Al decir esto, el joven, que en ese momento irradiaba una belleza angelical, se tiró al suelo y se agarró a mis rodillas. Vi entonces que el pobre joven estaba enfermo; le quité rápidamente las botas y volví a mi habitación.

Un cuarto de hora más tarde estaba sentado en el salón tomando café amargo de bellota y un trozo de pan duro como una piedra. La judía no se dejó ver, pero la oí trajinando en la cocina. El viejo estaba sentado en la butaca temblando y balbuceando, totalmente incapaz de coordinar sus movimientos; los ojos hinchados y húmedos. Intentó hacerme hablar. Pero yo evité todo tipo de conversación. Sentí el impetuoso impulso de abandonar esta maldita casa. Cuando mi mochila estuvo preparada, pagué el alojamiento y la comida. Debo confesar que la suma era ridícula. El viejo me devolvió unas monedas que, como vi más tarde con un poco de asombro por mi parte, eran monedas extranjeras acuñadas con retratos del rey Herodes y del emperador romano Augusto. El viejo me balbuceó algunas palabras más al estrecharle la mano para despedirme. La judía cerró de un golpe la puerta cuando me asomé al pasillo, y oí que el joven seguía sollozando arriba, desesperadamente, cuando abrí la puerta de la casa.

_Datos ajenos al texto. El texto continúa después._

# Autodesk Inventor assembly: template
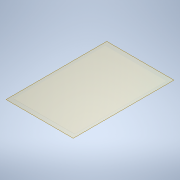
[picture p0: Inventor's stored thumbnail of the model, 180x180]
Saved by Autodesk Inventor 2020 (Build 240168000, 168)
## iProperties
Created: 2021-08-27
Part Number: template
Document SubType Name: Assembly
Designer: Masato
Author: Masato
## Documents named in this file (2)
- C:\Users\Masato\Documents\Inventor\CIT Brains_Inventor\OpenPlatform_ver3_0\cam\template.iam
- C:\Users\Masato\Documents\Inventor\CIT Brains_Inventor\OpenPlatform_ver3_0\cam\Disposable_Board.ipt
## Components (1 placed, 1 different names)
1. Disposable_Board:1 — メイト:2, メイト:1, フラッシュ:1, フラッシュ:2
## Relationships (4: Mate 2, Flush 2)
- メイト:2 [Mate]: Disposable_Board:1
- メイト:1 [Mate]: Disposable_Board:1
- フラッシュ:1 [Flush]: Disposable_Board:1
- フラッシュ:2 [Flush]: Disposable_Board:1
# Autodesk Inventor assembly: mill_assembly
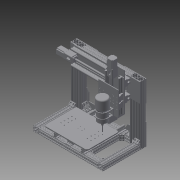
[picture p0: Inventor's stored thumbnail of the model, 180x180]
Saved by Autodesk Inventor 2014 (Build 180170000, 170)
## iProperties
Created: 2014-08-08
Part Number: mill_assembly
Document SubType Name: Assembly
Designer: Matthew
Author: Matthew
## Documents named in this file (45)
- C:\Users\Matthew\Documents\GitHub\CNC Mill\mill_assembly.iam
- C:\Users\Matthew\Documents\GitHub\CNC Mill\8020\2020.ipt
- C:\Users\Matthew\Documents\GitHub\CNC Mill\8020\2020_18in.ipt
- C:\Users\Matthew\Documents\GitHub\CNC Mill\8020\gusset_4138.ipt
- C:\Users\Matthew\Documents\GitHub\CNC Mill\8020\gusset_4134.ipt
- C:\Users\Matthew\Documents\GitHub\CNC Mill\mic6_plate.ipt
- C:\Users\Matthew\Documents\GitHub\CNC Mill\1605\1605_400mm.ipt
- C:\Users\Matthew\Documents\GitHub\CNC Mill\1605\1605_ballnut.ipt
- C:\Users\Matthew\Documents\GitHub\CNC Mill\nema23_motor_mount.ipt
- C:\Users\Matthew\Documents\GitHub\CNC Mill\6.35x10mm_coupler.ipt
- C:\Users\Matthew\Documents\GitHub\CNC Mill\sbr\sbr20\sbr20_400mm.ipt
- C:\Users\Matthew\Documents\GitHub\CNC Mill\HD16.ipt
- C:\Users\Matthew\Documents\GitHub\CNC Mill\nema23_HS8630.ipt
- C:\Users\Matthew\Documents\GitHub\CNC Mill\z-axis_mount_plate.ipt
- C:\Users\Matthew\Documents\GitHub\CNC Mill\y-axis_mount_plate.ipt
- C:\Users\Matthew\Documents\GitHub\CNC Mill\router_plate.ipt
- C:\Users\Matthew\Documents\GitHub\CNC Mill\router_mount.ipt
- C:\Users\Matthew\Documents\GitHub\CNC Mill\1617evs.ipt
- C:\Users\Matthew\Documents\GitHub\CNC Mill\ff12_mount.ipt
- C:\Users\Matthew\Documents\GitHub\CNC Mill\ff12.ipt
- C:\Users\Matthew\Documents\GitHub\CNC Mill\sbr\sbr20\sbr20_500mm.ipt
- C:\Users\Matthew\Documents\GitHub\CNC Mill\1605\1605_500mm.ipt
- C:\Users\Matthew\Documents\GitHub\CNC Mill\sbr\sbr20\sbr20_300mm.ipt
- C:\Users\Matthew\Documents\GitHub\CNC Mill\8020\2040_top_bar.ipt
- C:\Users\Matthew\Documents\GitHub\CNC Mill\8020\2040_uprights.ipt
- C:\Users\Matthew\Downloads\Imported Components\endmill 2 flute_finishing\endmill 2 flute_finishing.ipt
- C:\Users\Matthew\Downloads\Imported Components\User Library-ER COLLET\Assembly1.iam
- C:\Users\Matthew\Documents\GitHub\CNC Mill\8020\2020_rear.ipt
- C:\Users\Matthew\Documents\GitHub\CNC Mill\8020\2020_front.ipt
- C:\Users\Matthew\Documents\GitHub\CNC Mill\1605\1605_300mm.ipt
- C:\Users\Matthew\Documents\GitHub\CNC Mill\hd16_standoff.ipt
- C:\Users\Matthew\Documents\GitHub\CNC Mill\sbr20uu_standoff.ipt
- C:\Users\Matthew\Documents\GitHub\CNC Mill\versaframe\versaframe_30in.ipt
- C:\Users\Matthew\Documents\GitHub\CNC Mill\versaframe\versaframe_35in.ipt
- C:\Users\Matthew\Documents\GitHub\CNC Mill\versaframe\versaframe_7.5n.ipt
- C:\Users\Matthew\Documents\GitHub\CNC Mill\8020\2040-2040_left.iam
- C:\Users\Matthew\Documents\GitHub\CNC Mill\8020\2040-2040_right.iam
- C:\Users\Matthew\Documents\GitHub\CNC Mill\8020\2020-2040_right.iam
- C:\Users\Matthew\Documents\GitHub\CNC Mill\8020\2020-2040_left.iam
- C:\Users\Matthew\Documents\GitHub\CNC Mill\fk12.ipt
- C:\Users\Matthew\Documents\GitHub\CNC Mill\sbr\sbr20\sbr20uu.ipt
- C:\Users\Matthew\Documents\GitHub\CNC Mill\m6x1.ipt
- C:\Users\Matthew\Documents\GitHub\CNC Mill\m5x0.8.ipt
- C:\Users\Matthew\Documents\GitHub\CNC Mill\8020\SHCS bolt.ipt
- C:\Users\Matthew\Documents\GitHub\CNC Mill\8020\0.5in_tnut.iam
## Components (155 placed, 44 different names)
1. 2020_18in:1 — Mate:31, Mate:32, Mate:38, Mate:47, Mate:48, Flush:161, Flush:168, Mate:253
2. 2020_18in:2 — Mate:28, Mate:29, Mate:34, Mate:241, Flush:163, Mate:242, Flush:164, Mate:255, Flush:171, Flush:172, Mate:394
3. gusset_4138:1 — Mate:260, Mate:261, Flush:175
4. gusset_4138:2 — Mate:258, Mate:259, Mate:262, Flush:175
5. gusset_4134:1 — Mate:28, Mate:29, Mate:275
6. gusset_4134:2 — Mate:31, Mate:32, Mate:276, Insert:58, Insert:60, Insert:61, Insert:62
7. gusset_4134:3 — Mate:34, Flush:61, Flush:147, Mate:278
8. gusset_4134:4 — Mate:38, Flush:62, Flush:153, Mate:279
9. gusset_4134:6 — Mate:47, Mate:48, Flush:61, Flush:62, Mate:269, Flush:401, Flush:402, Flush:403
10. mic6_plate:1 — Mate:293, Flush:352, Insert:17, Insert:18, Insert:19, Insert:20, Insert:21, Insert:22, Insert:23, Insert:24, Insert:25, Insert:26, Insert:27, Insert:28, Insert:29, Insert:30, Insert:31, Insert:32, Insert:33, Insert:34, Insert:35, Insert:36, Flush:395
11. 1605_400mm:1 — Mate:108, Insert:2, Insert:13, Insert:16
12. 1605_ballnut:1 — Mate:108, Mate:133, Mate:134, Flush:75
13. nema23_motor_mount:1 — Mate:136, Mate:254, Flush:192, Flush:193, Mate:317, Flush:329, Flush:330
14. nema23_motor_mount:2 — Mate:154, Flush:321, Flush:322, Mate:316, Flush:327, Flush:328, Mate:364, Flush:376
15. 1605_ballnut:6 — Mate:158, Flush:90, Mate:159, Mate:282
16. 6.35x10mm_coupler:1 — Insert:4, Insert:14
17. sbr20_400mm:1 — Flush:136, Mate:247, Flush:191, Mate:318
18. sbr20_400mm:2 — Flush:136, Mate:248, Flush:190, Mate:328
19. HD16:1 — Mate:133, Mate:134, Flush:75, Flush:194, Mate:283, Mate:284, Mate:326, Mate:329, Flush:352, Mate:339
20. nema23_HS8630:1 — Mate:136, Flush:192, Flush:193
21. 6.35x10mm_coupler:2 — Insert:2
22. z-axis_mount_plate:1 — Mate:361, Flush:370, Flush:371, Flush:372, Flush:373, Mate:362, Mate:363, Flush:375, Mate:364, Flush:376, Flush:390, Flush:392
23. nema23_HS8630:2 — Mate:154, Insert:4, Flush:321, Flush:322
24. HD16:6 — Mate:158, Flush:90, Mate:159, Mate:186, Flush:120, Flush:121, Mate:210, Mate:211, Mate:378, Mate:379, Flush:389, Flush:390
25. y-axis_mount_plate:1 — Mate:177, Mate:199, Mate:200, Flush:135, Mate:206, Flush:137, Flush:184, Mate:267, Flush:396
26. nema23_motor_mount:4 — Mate:177, Flush:137, Flush:323, Flush:324, Mate:315, Flush:325, Flush:326
27. 6.35x10mm_coupler:3
28. nema23_HS8630:3 — Flush:323, Flush:324
29. 1605_ballnut:7 — Mate:240
30. HD16:7 — Mate:203, Mate:205, Mate:348, Mate:351, Mate:352, Flush:364
31. router_plate:1 — Mate:186, Flush:120, Flush:121, Mate:187, Flush:122, Flush:123, Mate:381, Flush:391, Flush:392, Mate:383, Flush:393, Flush:394, Insert:37, Insert:38, Insert:39, Insert:40, Insert:41, Insert:42, Insert:43, Insert:44, Insert:45, Insert:46, Insert:47, Insert:48, Insert:49, Insert:50, Insert:51, Insert:52, Insert:53, Insert:54, Insert:55, Insert:56
32. router_mount:1 — Insert:7, Mate:187, Flush:122, Flush:123, Mate:383, Flush:393, Flush:394
33. 1617evs:1 — Insert:7
34. ff12_mount:1 — Insert:9, Mate:256, Flush:331
35. ff12:1 — Insert:9, Insert:13
36. sbr20_500mm:1 — Flush:133, Mate:200, Mate:203, Flush:135, Mate:346, Flush:371, Mate:382
37. sbr20_500mm:2 — Flush:133, Mate:199, Mate:205, Mate:347
38. 1605_500mm:1 — Insert:11, Mate:240, Insert:15
39. ff12:2 — Insert:11, Insert:12
40. ff12_mount:2 — Insert:12, Mate:206
41. sbr20_300mm:1 — Flush:138, Mate:210, Flush:372, Mate:363, Flush:374, Flush:375, Mate:371
42. sbr20_300mm:2 — Flush:138, Mate:211, Flush:373, Mate:362, Flush:374, Mate:377
43. 2020:1 — Mate:223, Mate:230, Mate:233, Mate:248, Mate:250, Flush:169, Flush:190, Mate:389
44. 2020:2 — Mate:222, Mate:224, Mate:226, Mate:247, Mate:251, Flush:170, Flush:191, Mate:391
45. gusset_4134:8 — Mate:222, Flush:147, Mate:277
46. gusset_4134:9 — Mate:223, Flush:149, Flush:150, Flush:151, Mate:280, Flush:401
47. gusset_4134:11 — Mate:224, Flush:149, Mate:268
48. gusset_4134:12 — Mate:230, Flush:151, Mate:390
49. gusset_4134:13 — Mate:226, Flush:150, Mate:281
50. gusset_4134:14 — Flush:153, Mate:233
51. 2040_top_bar:1 — Mate:257, Flush:173, Flush:174, Mate:258, Mate:261, Flush:184, Mate:267, Flush:313, Flush:315
52. 2040_uprights:1 — Flush:161, Mate:241, Flush:167, Mate:252, Flush:168, Mate:253, Mate:257, Flush:173, Flush:174, Mate:259, Mate:262, Mate:269, Mate:276, Mate:311, Flush:314, Mate:314, Flush:319, Flush:320, Flush:396, Flush:398, Mate:385, Flush:400
53. endmill 2 flute_finishing:1
54. Assembly1:1 [sub-assembly]
55. 2040_uprights:2 — Flush:163, Mate:242, Flush:164, Mate:249, Flush:165, Flush:166, Mate:260, Mate:275, Flush:208, Mate:312, Flush:316, Mate:313, Flush:317, Flush:318, Mate:339, Mate:386, Flush:399, Flush:404, Mate:393
56. 2020_rear:1 — Mate:249, Flush:165, Flush:166, Mate:250, Mate:251, Flush:167, Mate:252, Flush:169, Flush:170, Mate:254, Mate:268, Mate:280, Flush:221, Mate:384, Mate:387, Mate:388, Mate:392
57. 2020_front:1 — Mate:255, Flush:171, Flush:172, Mate:256, Mate:277, Mate:278, Mate:279, Mate:281, Flush:331, Mate:390
58. 1605_300mm:1 — Insert:14, Mate:282
59. hd16_standoff:1 — Flush:194, Mate:283, Mate:284, Mate:293
60. versaframe_30in:1 — Flush:200, Flush:201, Mate:294, Flush:202, Flush:203, Mate:295, Flush:205, Flush:206, Flush:228, Flush:230
61. versaframe_30in:2 — Flush:200, Flush:201, Flush:204, Flush:221
62. versaframe_35in:1 — Mate:294, Flush:202, Flush:203, Flush:204, Flush:208, Flush:213, Mate:303, Flush:229
63. versaframe_35in:2 — Mate:295, Flush:205, Flush:206, Mate:297, Flush:209, Flush:210, Mate:304, Flush:231
64. versaframe_30in:3 — Mate:297, Flush:209, Flush:210, Flush:211, Flush:212, Flush:232, Flush:233, Mate:305
65. versaframe_30in:4 — Flush:211, Flush:212, Flush:213, Flush:220, Flush:308, Flush:235, Flush:309
66. versaframe_7.5n:1 — Flush:308, Flush:235, Flush:309, Flush:310, Flush:311, Mate:307, Mate:308
67. versaframe_7.5n:2 — Flush:232, Flush:233, Mate:305, Mate:306, Flush:234, Mate:309, Mate:310, Flush:312
68. versaframe_30in:5 — Flush:220, Flush:222, Mate:306, Flush:234, Flush:310
69. versaframe_30in:6 — Flush:222, Flush:311, Mate:307, Mate:308
70. versaframe_7.5n:3 — Mate:303, Flush:228, Flush:229
71. versaframe_7.5n:4 — Mate:304, Flush:230, Flush:231
72. versaframe_30in:7
73. versaframe_30in:8 — Mate:309, Mate:310, Flush:312
74. 2040-2040_left:1 [sub-assembly] — Mate:311, Flush:313, Flush:314
75. 2040-2040_right:1 [sub-assembly] — Mate:312, Flush:315, Flush:316
76. 2020-2040_right:1 [sub-assembly] — Mate:313, Flush:317, Flush:318
77. 2020-2040_left:1 [sub-assembly] — Mate:314, Flush:319, Flush:320
78. fk12:1 — Insert:15, Mate:315, Flush:325, Flush:326, Mate:382
79. fk12:2 — Mate:316, Flush:327, Flush:328
80. fk12:3 — Mate:317, Flush:329, Flush:330, Insert:16
81. sbr20uu:1 — Flush:332, Mate:319, Flush:333, Mate:332, Flush:347, Mate:333
82. sbr20uu:2 — Mate:318, Flush:332, Mate:319, Flush:333, Mate:326, Mate:335, Flush:349, Mate:336, Flush:395
83. sbr20uu:3 — Flush:344, Mate:327, Flush:345, Mate:328, Mate:329, Flush:350, Mate:337, Mate:338
84. sbr20uu:13 — Flush:344, Mate:327, Flush:345, Mate:330, Flush:346, Mate:331
85. sbr20uu_standoff:4 — Mate:330, Flush:346, Mate:331
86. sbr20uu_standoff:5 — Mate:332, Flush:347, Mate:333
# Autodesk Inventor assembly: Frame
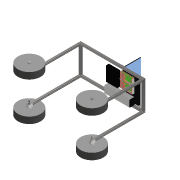
[picture p0: Inventor's stored thumbnail of the model, 180x180]
Saved by Autodesk Inventor 2022 (Build 260153000, 153)
## iProperties
_SolveAssemblyDoc: Frame Generator Solve Assembly
_Version: 25.0.0
Created: 2024-04-01
Part Number: Frame
Document SubType Name: Assembly
Designer: LaptopJR
Author: LaptopJR
## Documents named in this file (17)
- C:\Users\LaptopJR\Documents\Ideation AI\EcoTerrabot\Chassis\CAD files\Mock platform\Frame.iam
- C:\Users\LaptopJR\Documents\Ideation AI\EcoTerrabot\Chassis\CAD files\Frame.ipt
- C:\Users\LaptopJR\Documents\Ideation AI\EcoTerrabot\Chassis\CAD files\Mock platform\Frame\Frame\Frame 1711976507957.iam
- C:\Users\LaptopJR\Documents\Ideation AI\EcoTerrabot\Chassis\CAD files\Mock platform\Bearing holder.ipt
- C:\Users\LaptopJR\Documents\Ideation AI\EcoTerrabot\Chassis\CAD files\Mock platform\Bearing 6204-2RSH\skf_bearing_6204-2rsh_2.iam
- C:\Users\LaptopJR\Documents\Ideation AI\EcoTerrabot\Chassis\CAD files\Wheel 350x100x20.ipt
- C:\Users\LaptopJR\Documents\Inventor\Content Center Files\R2022\en-US\ANSI B18.2.3.6M\ANSI B18.2.3.6M - M20 x 2.5 x 200.ipt
- C:\Users\LaptopJR\Documents\Inventor\Content Center Files\R2022\en-US\ANSI B18.2.4.6M\ANSI B18.2.4.6M - M20 x 2.5 - 0.ipt
- C:\Users\LaptopJR\Documents\Ideation AI\EcoTerrabot\Chassis\CAD files\Mock platform\Bearing holder_MIR.ipt
- C:\Users\LaptopJR\Documents\Ideation AI\EcoTerrabot\Chassis\CAD files\Mock platform\Bearing 6204-2RSH\skf_bearing_6204-2rsh_2_MIR.iam
- C:\Users\LaptopJR\Documents\Ideation AI\EcoTerrabot\Chassis\CAD files\Wheel 350x100x20_MIR.ipt
- C:\Users\LaptopJR\Documents\Ideation AI\EcoTerrabot\Chassis\CAD files\Mock platform\Battery_Greencell_EBIKE12STD_11Ah.ipt
- C:\Users\LaptopJR\Documents\Ideation AI\EcoTerrabot\Chassis\CAD files\SD-100\SD-100.iam
- C:\Users\LaptopJR\Documents\Ideation AI\EcoTerrabot\Chassis\CAD files\Mock platform\SCANLAB-SNZ0045937.ipt
- C:\Users\LaptopJR\Documents\Ideation AI\EcoTerrabot\Chassis\CAD files\Mock platform\Laptop_MSI_KATANA_GF76_11UG.ipt
- C:\Users\LaptopJR\Documents\Ideation AI\EcoTerrabot\Chassis\CAD files\Mock platform\Laptop-ecke.ipt
- C:\Users\LaptopJR\Documents\Ideation AI\EcoTerrabot\Chassis\CAD files\Mock platform\Laptop-ecke-l.ipt
## Components (30 placed, 16 different names)
1. Frame:1 — Mate:3
2. Frame 1711976507957:1 [sub-assembly] — Mate:3, Mate:4, Mate:5, Flush:1, Mate:11, Flush:2, Mate:13, Flush:3, Mate:14, Mate:15, Mate:16, Flush:6, Mate:17, Flush:7, Mate:18, Flush:8, Mate:19, Flush:9
3. Bearing holder_MIR:1
4. skf_bearing_6204-2rsh_2_MIR:1 [sub-assembly]
5. Wheel 350x100x20_MIR:1
6. Heavy Hex Bolt - Metric M20 x 2.5 x 200:3
7. Heavy Hex Nut Metric M20 x 2.5:3
8. Bearing holder_MIR:2
9. skf_bearing_6204-2rsh_2_MIR:2 [sub-assembly]
10. Wheel 350x100x20_MIR:2
11. Heavy Hex Bolt - Metric M20 x 2.5 x 200:4
12. Heavy Hex Nut Metric M20 x 2.5:4
13. Battery_Greencell_EBIKE12STD_11Ah:1 — Mate:13, Flush:3
14. SD-100:1 [sub-assembly] — Flush:4, Flush:5
15. SD-100:2 [sub-assembly] — Mate:14, Flush:4, Flush:5
16. SCANLAB-SNZ0045937:1 — Mate:15
17. Laptop_MSI_KATANA_GF76_11UG:1 — Mate:16, Flush:6
18. Laptop-ecke:1 — Mate:17, Flush:7
19. Laptop-ecke:2 — Mate:18, Flush:8
20. Laptop-ecke-l:1 — Mate:19, Flush:9
21. Bearing holder:1 — Mate:4, Mate:5, Flush:1, Mate:6, Mate:7
22. skf_bearing_6204-2rsh_2:1 [sub-assembly] — Mate:6, Mate:7, Mate:8, Mate:12
23. Wheel 350x100x20:1 — Insert:1, Mate:12
24. Heavy Hex Bolt - Metric M20 x 2.5 x 200:1 — Insert:1, Mate:8, Mate:10
25. Heavy Hex Nut Metric M20 x 2.5:1 — Mate:10, Mate:11
26. Bearing holder:2
27. skf_bearing_6204-2rsh_2:2 [sub-assembly]
28. Wheel 350x100x20:2
29. Heavy Hex Bolt - Metric M20 x 2.5 x 200:2
30. Heavy Hex Nut Metric M20 x 2.5:2
## Component patterns: (2 elements, first: Bearing holder:1 + skf_bearing_6204-2rsh_2:1 + Wheel 350x100x20:1 + Heavy Hex Bolt - Metric M20 x 2.5 x 200:1 + Heavy Hex Nut Metric M20 x 2.5:1)
## Relationships (26: Mate 16, Flush 9, Insert 1)
- Mate:3: Frame:1 ↔ Frame 1711976507957:1
- Mate:4: Frame 1711976507957:1 ↔ Bearing holder:1
- Mate:5: Frame 1711976507957:1 ↔ Bearing holder:1
- Flush:1: Frame 1711976507957:1 ↔ Bearing holder:1
- Mate:6: Bearing holder:1 ↔ skf_bearing_6204-2rsh_2:1
- Mate:7: Bearing holder:1 ↔ skf_bearing_6204-2rsh_2:1
- Insert:1: Wheel 350x100x20:1 ↔ Heavy Hex Bolt - Metric M20 x 2.5 x 200:1
- Mate:8: skf_bearing_6204-2rsh_2:1 ↔ Heavy Hex Bolt - Metric M20 x 2.5 x 200:1
- Mate:10: Heavy Hex Bolt - Metric M20 x 2.5 x 200:1 ↔ Heavy Hex Nut Metric M20 x 2.5:1
- Mate:11: Frame 1711976507957:1 ↔ Heavy Hex Nut Metric M20 x 2.5:1
- Mate:12: skf_bearing_6204-2rsh_2:1 ↔ Wheel 350x100x20:1
- Flush:2 (-230 mm): Frame 1711976507957:1
- Mate:13: Frame 1711976507957:1 ↔ Battery_Greencell_EBIKE12STD_11Ah:1
- Flush:3 (300 mm): Frame 1711976507957:1 ↔ Battery_Greencell_EBIKE12STD_11Ah:1
- Mate:14: Frame 1711976507957:1 ↔ SD-100:2
- Flush:4: SD-100:1 ↔ SD-100:2
- Flush:5: SD-100:1 ↔ SD-100:2
- Mate:15 (5 mm): Frame 1711976507957:1 ↔ SCANLAB-SNZ0045937:1
- Mate:16 (4 mm): Frame 1711976507957:1 ↔ Laptop_MSI_KATANA_GF76_11UG:1
- Flush:6 (31 mm): Frame 1711976507957:1 ↔ Laptop_MSI_KATANA_GF76_11UG:1
- Mate:17: Frame 1711976507957:1 ↔ Laptop-ecke:1
- Flush:7: Frame 1711976507957:1 ↔ Laptop-ecke:1
- Mate:18: Frame 1711976507957:1 ↔ Laptop-ecke:2
- Flush:8: Frame 1711976507957:1 ↔ Laptop-ecke:2
- Mate:19: Frame 1711976507957:1 ↔ Laptop-ecke-l:1
- Flush:9: Frame 1711976507957:1 ↔ Laptop-ecke-l:1

Fuera todo me parecía más prosaico y banal que la tarde anterior. Hacía un día claro y frío que apartaba de la mente toda fantasía. Entonces no pude impedir enfadarme por todo lo que había vivido y cavilado. Avancé deprisa sin volver la vista atrás. Y pronto llegué a la carretera. Soplaba un viento helado del Este. No más allá de veinte pasos, pero en dirección contraria a la mía, estaba sentado un picapedrero, dedicado a su trabajo, picando con fuerza. No pude evitar acercarme a él.

—¡Eh, viejo! —le grité—. ¿Conoce usted la posada que está ahí detrás, en el bosque?

—Sí, sí —respondió con el mejor acento de Franconia—, es un desolladero.

—¿Un desolladero? —le pregunté asombrado—. ¿Qué quiere decir con desolladero?

—Pues eso, donde se mata a los viejos caballos y los perros sarnosos —observó y se rió burlándose de mi ignorancia mientras seguía hablando—. No es nada honesto, la gente lo llama el emponzoñadero.

—¿El emponzoñadero? —pregunté—. ¿Por qué?

—Pues eso, que de allí no sale nada bueno y no entra nada bueno.

Cuando me detuve sorprendido y le miré, siguió hablando de esta forma:

—De esa gente no se sabe de dónde vienen y de qué viven.

—A pesar de todo —repliqué—, yo he conseguido salvar el pellejo.

—Mejor para usted —exclamó el picapedrero, y agitó el martillo cubierto de polvo blanco—, mejor para usted; siga su camino, no vuelva la vista atrás, ¡y olvídese del matadero…!

—Ja, ja, ja, ja, ja —se oyó un balido como el de la pocilga, que procedía del interior del bosque.

Instintivamente, me puse en camino. Saludé al picapedrero y seguí por la carretera a buena marcha, sin volver la vista atrás durante una hora.